Using python re I could do this:
>>> search = re.escape('Sortes\index[persons]{Sortes}')
>>> match = 'test Sortes\index[persons]{Sortes} text'
>>> re.search(search, match)
<_sre.SRE_Match object; span=(5, 34), match='Sortes\\index[persons]{Sortes}'>
This works, but I want to avoid the search pattern Sortes to give a positive result on the phrase test Sortes\index[persons]{Sortes} text.
>>> re.search(re.escape('Sortes'), match)
<_sre.SRE_Match object; span=(5, 11), match='Sortes'>
So I use the \b pattern, like this:
search = r'\b' + re.escape('Sortes\index[persons]{Sortes}') + r'\b'
match = 'test Sortes\index[persons]{Sortes} text'
re.search(search, match)
Now, I don't get a match.
If the search pattern does not contain any of the characters []{}, it works. E.g.:
>>> re.search(r'\b' + re.escape('Sortes\index') + r'\b', 'test Sortes\index test')
<_sre.SRE_Match object; span=(5, 17), match='Sortes\\index'>
Also, if I remove the final r'\b', it also works:
re.search(r'\b' + re.escape('Sortes\index[persons]{Sortes}'), 'test Sortes\index[persons]{Sortes} test')
<_sre.SRE_Match object; span=(5, 34), match='Sortes\\index[persons]{Sortes}'>
Furthermore, the documentation says about \b
Note that formally, \b is defined as the boundary between a \w and a \W character (or vice versa), or between \w and the beginning/end of the string.
So I tried replacing the final \b with (\W|$):
>>> re.search(r'\b' + re.escape('Sortes\index[persons]{Sortes}') + '(\W|$)', 'test Sortes\index[persons]{Sortes} test')
<_sre.SRE_Match object; span=(5, 35), match='Sortes\\index[persons]{Sortes} '>
Lo and behold, it works!
What is going on here? What am I missing?

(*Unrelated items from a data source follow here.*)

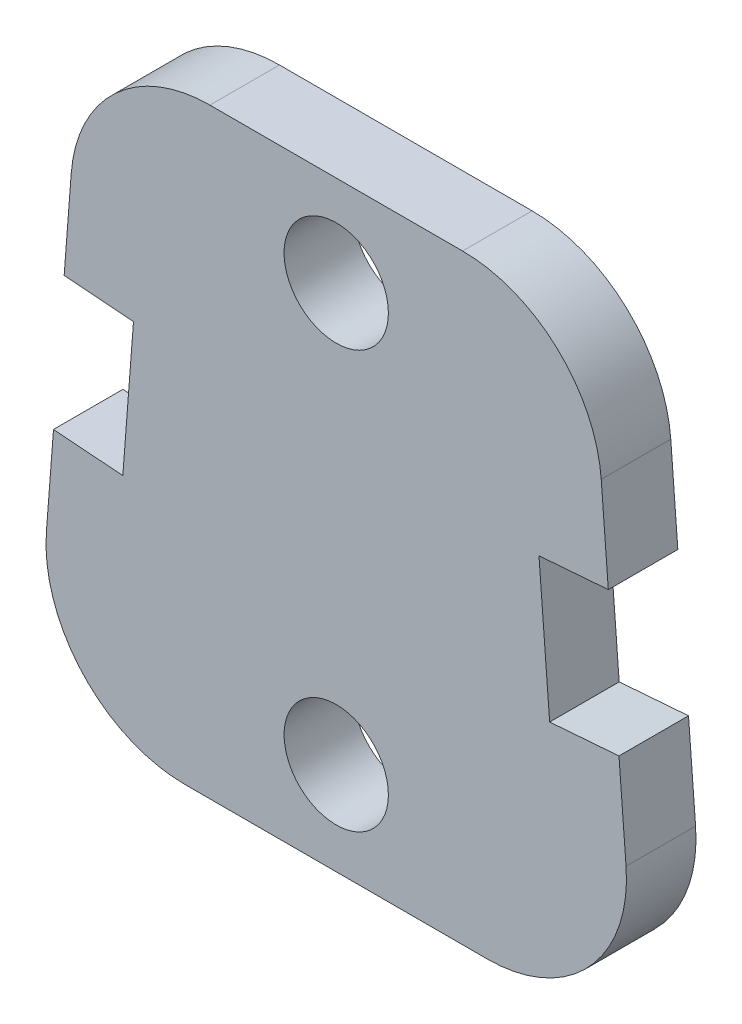
ISO-10303-21;
HEADER;
FILE_DESCRIPTION(('STEP AP214'),'2;1');
FILE_NAME('part.step','',(''),(''),'','','');
FILE_SCHEMA(('AUTOMOTIVE_DESIGN { 1 0 10303 214 1 1 1 1 }'));
ENDSEC;
DATA;
#1=APPLICATION_CONTEXT('core data for automotive mechanical design processes');
#2=APPLICATION_PROTOCOL_DEFINITION('international standard','automotive_design',2000,#1);
#3=PRODUCT_CONTEXT('',#1,'mechanical');
#4=PRODUCT('Part','Part','',(#3));
#5=PRODUCT_RELATED_PRODUCT_CATEGORY('part','',(#4));
#6=PRODUCT_DEFINITION_FORMATION('','',#4);
#7=PRODUCT_DEFINITION_CONTEXT('part definition',#1,'design');
#8=PRODUCT_DEFINITION('design','',#6,#7);
#9=PRODUCT_DEFINITION_SHAPE('','',#8);
#10=(LENGTH_UNIT() NAMED_UNIT(*) SI_UNIT(.MILLI.,.METRE.));
#11=(NAMED_UNIT(*) PLANE_ANGLE_UNIT() SI_UNIT($,.RADIAN.));
#12=(NAMED_UNIT(*) SI_UNIT($,.STERADIAN.) SOLID_ANGLE_UNIT());
#13=UNCERTAINTY_MEASURE_WITH_UNIT(LENGTH_MEASURE(1.E-05),#10,'distance_accuracy_value','');
#14=(GEOMETRIC_REPRESENTATION_CONTEXT(3) GLOBAL_UNCERTAINTY_ASSIGNED_CONTEXT((#13)) GLOBAL_UNIT_ASSIGNED_CONTEXT((#10,
#11,#12)) REPRESENTATION_CONTEXT('',''));
#15=CARTESIAN_POINT('',(0.,0.,0.));
#16=DIRECTION('',(0.,0.,1.));
#17=DIRECTION('',(1.,0.,0.));
#18=AXIS2_PLACEMENT_3D('',#15,#16,#17);
#19=CARTESIAN_POINT('',(-15.7816176470588,1.21397058823529,3.175));
#20=DIRECTION('',(-0.997054485501582,0.076696498884737,0.));
#21=DIRECTION('',(-0.076696498884737,-0.997054485501582,0.));
#22=AXIS2_PLACEMENT_3D('',#19,#20,#21);
#23=PLANE('',#22);
#24=DIRECTION('',(0.0766964988847371,0.997054485501582,0.));
#25=VECTOR('',#24,1.);
#26=CARTESIAN_POINT('',(-15.7816176470588,1.21397058823529,3.175));
#27=LINE('',#26,#25);
#28=CARTESIAN_POINT('',(-13.2324085050319,34.3536894345848,3.175));
#29=VERTEX_POINT('',#28);
#30=CARTESIAN_POINT('',(-12.9093045043756,38.5540414431172,3.175));
#31=VERTEX_POINT('',#30);
#32=EDGE_CURVE('E208',#29,#31,#27,.T.);
#33=ORIENTED_EDGE('',*,*,#32,.T.);
#34=DIRECTION('',(0.,0.,-1.));
#35=VECTOR('',#34,1.);
#36=CARTESIAN_POINT('',(-12.9093045043756,38.5540414431172,3.175));
#37=LINE('',#36,#35);
#38=CARTESIAN_POINT('',(-12.9093045043756,38.5540414431172,0.));
#39=VERTEX_POINT('',#38);
#40=EDGE_CURVE('E160',#31,#39,#37,.T.);
#41=ORIENTED_EDGE('',*,*,#40,.T.);
#42=DIRECTION('',(0.0766964988847371,0.997054485501582,0.));
#43=VECTOR('',#42,1.);
#44=CARTESIAN_POINT('',(-15.7816176470588,1.21397058823529,0.));
#45=LINE('',#44,#43);
#46=CARTESIAN_POINT('',(-13.2324085050319,34.3536894345848,0.));
#47=VERTEX_POINT('',#46);
#48=EDGE_CURVE('E239',#47,#39,#45,.T.);
#49=ORIENTED_EDGE('',*,*,#48,.F.);
#50=DIRECTION('',(0.,0.,-1.));
#51=VECTOR('',#50,1.);
#52=CARTESIAN_POINT('',(-13.2324085050319,34.3536894345848,3.175));
#53=LINE('',#52,#51);
#54=EDGE_CURVE('E268',#29,#47,#53,.T.);
#55=ORIENTED_EDGE('',*,*,#54,.F.);
#56=EDGE_LOOP('',(#33,#41,#49,#55));
#57=FACE_BOUND('',#56,.T.);
#58=ADVANCED_FACE('F33',(#57),#23,.T.);
#59=CARTESIAN_POINT('',(15.7816176470588,1.21397058823529,3.175));
#60=DIRECTION('',(0.997054485501582,0.0766964988847369,0.));
#61=DIRECTION('',(-0.0766964988847369,0.997054485501582,0.));
#62=AXIS2_PLACEMENT_3D('',#59,#60,#61);
#63=PLANE('',#62);
#64=DIRECTION('',(0.0766964988847369,-0.997054485501582,0.));
#65=VECTOR('',#64,1.);
#66=CARTESIAN_POINT('',(15.7816176470588,1.21397058823529,0.));
#67=LINE('',#66,#65);
#68=CARTESIAN_POINT('',(12.909304504375,38.5540414431171,0.));
#69=VERTEX_POINT('',#68);
#70=CARTESIAN_POINT('',(13.2324085050319,34.3536894345848,0.));
#71=VERTEX_POINT('',#70);
#72=EDGE_CURVE('E251',#69,#71,#67,.T.);
#73=ORIENTED_EDGE('',*,*,#72,.F.);
#74=DIRECTION('',(0.,0.,-1.));
#75=VECTOR('',#74,1.);
#76=CARTESIAN_POINT('',(12.909304504375,38.5540414431171,3.17500000000002));
#77=LINE('',#76,#75);
#78=CARTESIAN_POINT('',(12.909304504375,38.5540414431171,3.17500000000002));
#79=VERTEX_POINT('',#78);
#80=EDGE_CURVE('E177',#79,#69,#77,.T.);
#81=ORIENTED_EDGE('',*,*,#80,.F.);
#82=DIRECTION('',(0.0766964988847369,-0.997054485501582,0.));
#83=VECTOR('',#82,1.);
#84=CARTESIAN_POINT('',(15.7816176470588,1.21397058823529,3.175));
#85=LINE('',#84,#83);
#86=CARTESIAN_POINT('',(13.2324085050319,34.3536894345848,3.175));
#87=VERTEX_POINT('',#86);
#88=EDGE_CURVE('E220',#79,#87,#85,.T.);
#89=ORIENTED_EDGE('',*,*,#88,.T.);
#90=DIRECTION('',(0.,0.,-1.));
#91=VECTOR('',#90,1.);
#92=CARTESIAN_POINT('',(13.2324085050319,34.3536894345848,3.175));
#93=LINE('',#92,#91);
#94=EDGE_CURVE('E260',#87,#71,#93,.T.);
#95=ORIENTED_EDGE('',*,*,#94,.T.);
#96=EDGE_LOOP('',(#73,#81,#89,#95));
#97=FACE_BOUND('',#96,.T.);
#98=ADVANCED_FACE('F296',(#97),#63,.T.);
#99=CARTESIAN_POINT('',(0.,54.9486666666667,3.175));
#100=DIRECTION('',(0.,1.,0.));
#101=DIRECTION('',(-1.,0.,0.));
#102=AXIS2_PLACEMENT_3D('',#99,#100,#101);
#103=PLANE('',#102);
#104=DIRECTION('',(1.,0.,0.));
#105=VECTOR('',#104,1.);
#106=CARTESIAN_POINT('',(0.,54.9486666666667,0.));
#107=LINE('',#106,#105);
#108=CARTESIAN_POINT('',(-5.76788175286608,54.9486666666667,0.));
#109=VERTEX_POINT('',#108);
#110=CARTESIAN_POINT('',(5.7678817528661,54.9486666666667,0.));
#111=VERTEX_POINT('',#110);
#112=EDGE_CURVE('E232',#109,#111,#107,.T.);
#113=ORIENTED_EDGE('',*,*,#112,.F.);
#114=DIRECTION('',(0.,0.,-1.));
#115=VECTOR('',#114,1.);
#116=CARTESIAN_POINT('',(-5.76788175286608,54.9486666666667,3.175));
#117=LINE('',#116,#115);
#118=CARTESIAN_POINT('',(-5.76788175286608,54.9486666666667,3.175));
#119=VERTEX_POINT('',#118);
#120=EDGE_CURVE('E273',#119,#109,#117,.T.);
#121=ORIENTED_EDGE('',*,*,#120,.F.);
#122=DIRECTION('',(1.,0.,0.));
#123=VECTOR('',#122,1.);
#124=CARTESIAN_POINT('',(0.,54.9486666666667,3.175));
#125=LINE('',#124,#123);
#126=CARTESIAN_POINT('',(5.7678817528661,54.9486666666667,3.175));
#127=VERTEX_POINT('',#126);
#128=EDGE_CURVE('E203',#119,#127,#125,.T.);
#129=ORIENTED_EDGE('',*,*,#128,.T.);
#130=DIRECTION('',(0.,0.,-1.));
#131=VECTOR('',#130,1.);
#132=CARTESIAN_POINT('',(5.7678817528661,54.9486666666667,3.175));
#133=LINE('',#132,#131);
#134=EDGE_CURVE('E226',#127,#111,#133,.T.);
#135=ORIENTED_EDGE('',*,*,#134,.T.);
#136=EDGE_LOOP('',(#113,#121,#129,#135));
#137=FACE_BOUND('',#136,.T.);
#138=ADVANCED_FACE('F328',(#137),#103,.T.);
#139=CARTESIAN_POINT('',(-5.76788175286613,48.5986666666667,3.175));
#140=DIRECTION('',(0.,0.,-1.));
#141=DIRECTION('',(-1.,0.,0.));
#142=AXIS2_PLACEMENT_3D('',#139,#140,#141);
#143=CYLINDRICAL_SURFACE('',#142,6.35);
#144=CARTESIAN_POINT('',(-5.76788175286613,48.5986666666667,0.));
#145=DIRECTION('',(0.,0.,1.));
#146=DIRECTION('',(1.,0.,0.));
#147=AXIS2_PLACEMENT_3D('',#144,#145,#146);
#148=CIRCLE('',#147,6.35);
#149=CARTESIAN_POINT('',(-12.0991777358012,49.0856894345847,0.));
#150=VERTEX_POINT('',#149);
#151=EDGE_CURVE('E235',#109,#150,#148,.T.);
#152=ORIENTED_EDGE('',*,*,#151,.T.);
#153=DIRECTION('',(0.,0.,-1.));
#154=VECTOR('',#153,1.);
#155=CARTESIAN_POINT('',(-12.0991777358012,49.0856894345847,3.175));
#156=LINE('',#155,#154);
#157=CARTESIAN_POINT('',(-12.0991777358012,49.0856894345847,3.175));
#158=VERTEX_POINT('',#157);
#159=EDGE_CURVE('E270',#158,#150,#156,.T.);
#160=ORIENTED_EDGE('',*,*,#159,.F.);
#161=CARTESIAN_POINT('',(-5.76788175286613,48.5986666666667,3.175));
#162=DIRECTION('',(0.,0.,1.));
#163=DIRECTION('',(1.,0.,0.));
#164=AXIS2_PLACEMENT_3D('',#161,#162,#163);
#165=CIRCLE('',#164,6.35);
#166=EDGE_CURVE('E206',#119,#158,#165,.T.);
#167=ORIENTED_EDGE('',*,*,#166,.F.);
#168=ORIENTED_EDGE('',*,*,#120,.T.);
#169=EDGE_LOOP('',(#152,#160,#167,#168));
#170=FACE_BOUND('',#169,.T.);
#171=ADVANCED_FACE('F325',(#170),#143,.T.);
#172=DIRECTION('',(0.,0.,-1.));
#173=VECTOR('',#172,1.);
#174=CARTESIAN_POINT('',(-12.4222817364575,44.8853374260523,3.175));
#175=LINE('',#174,#173);
#176=CARTESIAN_POINT('',(-12.4222817364575,44.8853374260523,3.175));
#177=VERTEX_POINT('',#176);
#178=CARTESIAN_POINT('',(-12.4222817364575,44.8853374260523,0.));
#179=VERTEX_POINT('',#178);
#180=EDGE_CURVE('E317',#177,#179,#175,.T.);
#181=ORIENTED_EDGE('',*,*,#180,.F.);
#182=EDGE_CURVE('E166',#177,#158,#27,.T.);
#183=ORIENTED_EDGE('',*,*,#182,.T.);
#184=ORIENTED_EDGE('',*,*,#159,.T.);
#185=EDGE_CURVE('E238',#179,#150,#45,.T.);
#186=ORIENTED_EDGE('',*,*,#185,.F.);
#187=EDGE_LOOP('',(#181,#183,#184,#186));
#188=FACE_BOUND('',#187,.T.);
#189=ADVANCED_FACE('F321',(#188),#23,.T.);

See what a word boundary matches:
A word boundary can occur in one of three positions:
Before the first character in the string, if the first character is a word character.
After the last character in the string, if the last character is a word character.
Between two characters in the string, where one is a word character and the other is not a word character.
In your pattern }\b only matches if there is a word char after } (a letter, digit or _).
When you use (\W|$) you require a non-word or end of string explicitly.
A solution is adaptive word boundaries:
re.search(r'(?:(?!\w)|\b(?=\w)){}(?:(?<=\w)\b|(?<!\w))'.format(re.escape('Sortes\index[persons]{Sortes}')), 'test Sortes\index[persons]{Sortes} test')
Or equivalent:
re.search(r'(?!\B\w){}(?<!\w\B)'.format(re.escape('Sortes\index[persons]{Sortes}')), 'test Sortes\index[persons]{Sortes} test')
Here, adaptive dynamic word boundaries are used that mean the following:
(?:(?!\w)|\b(?=\w)) (equal to (?!\B\w)) - a left-hand boundary, making sure the current position is at the word boundary if the next char is a word char, or no context restriction is applied if the next char is not a word char (note that you will need to use (?:\B(?!\w)|\b(?=\w)) if you want to disallow a word char immediately on the left if the next char is not a word char)
(?:(?<=\w)\b|(?<!\w)) (equal to (?<!\w\B)) - a right-hand boundary, making sure the current position is at the word boundary if the previous char is a word char, or no context restriction is applied if the previous char is not a word char (note that you will need to use (?:(?<=\w)\b|\B(?<!\w)) if you want to disallow a word char immediately on the right if the preceding char is not a word char).
You might also consider using unambiguous word boundaries based on negative lookarounds in these cases:
re.search(r'(?<!\w){}(?!\w)'.format(re.escape('Sortes\index[persons]{Sortes}')), 'test Sortes\index[persons]{Sortes} test')
Here, (?<!\w) negative lookbehind will fail the match if there is a word char immediately to the left of the current location, and (?!\w) negative lookahead will fail the match if there is a word char immediately to the right of the current location.
Which to choose? Adaptive word boundaries are more lenient compared to unambiguous word boundaries as the latter presume there must be no word chars on both ends of a match, while the former allow matching leading and trailing non-word chars in any context.
Note: It is easy to customize these lookaround patterns further (say, to only fail the match if there are letters around the pattern, use [^\W\d_] instead of \w, or if you only allow matches around whitespaces, use whitespace boundaries (?<!\S) / (?!\S) lookaround boundaries).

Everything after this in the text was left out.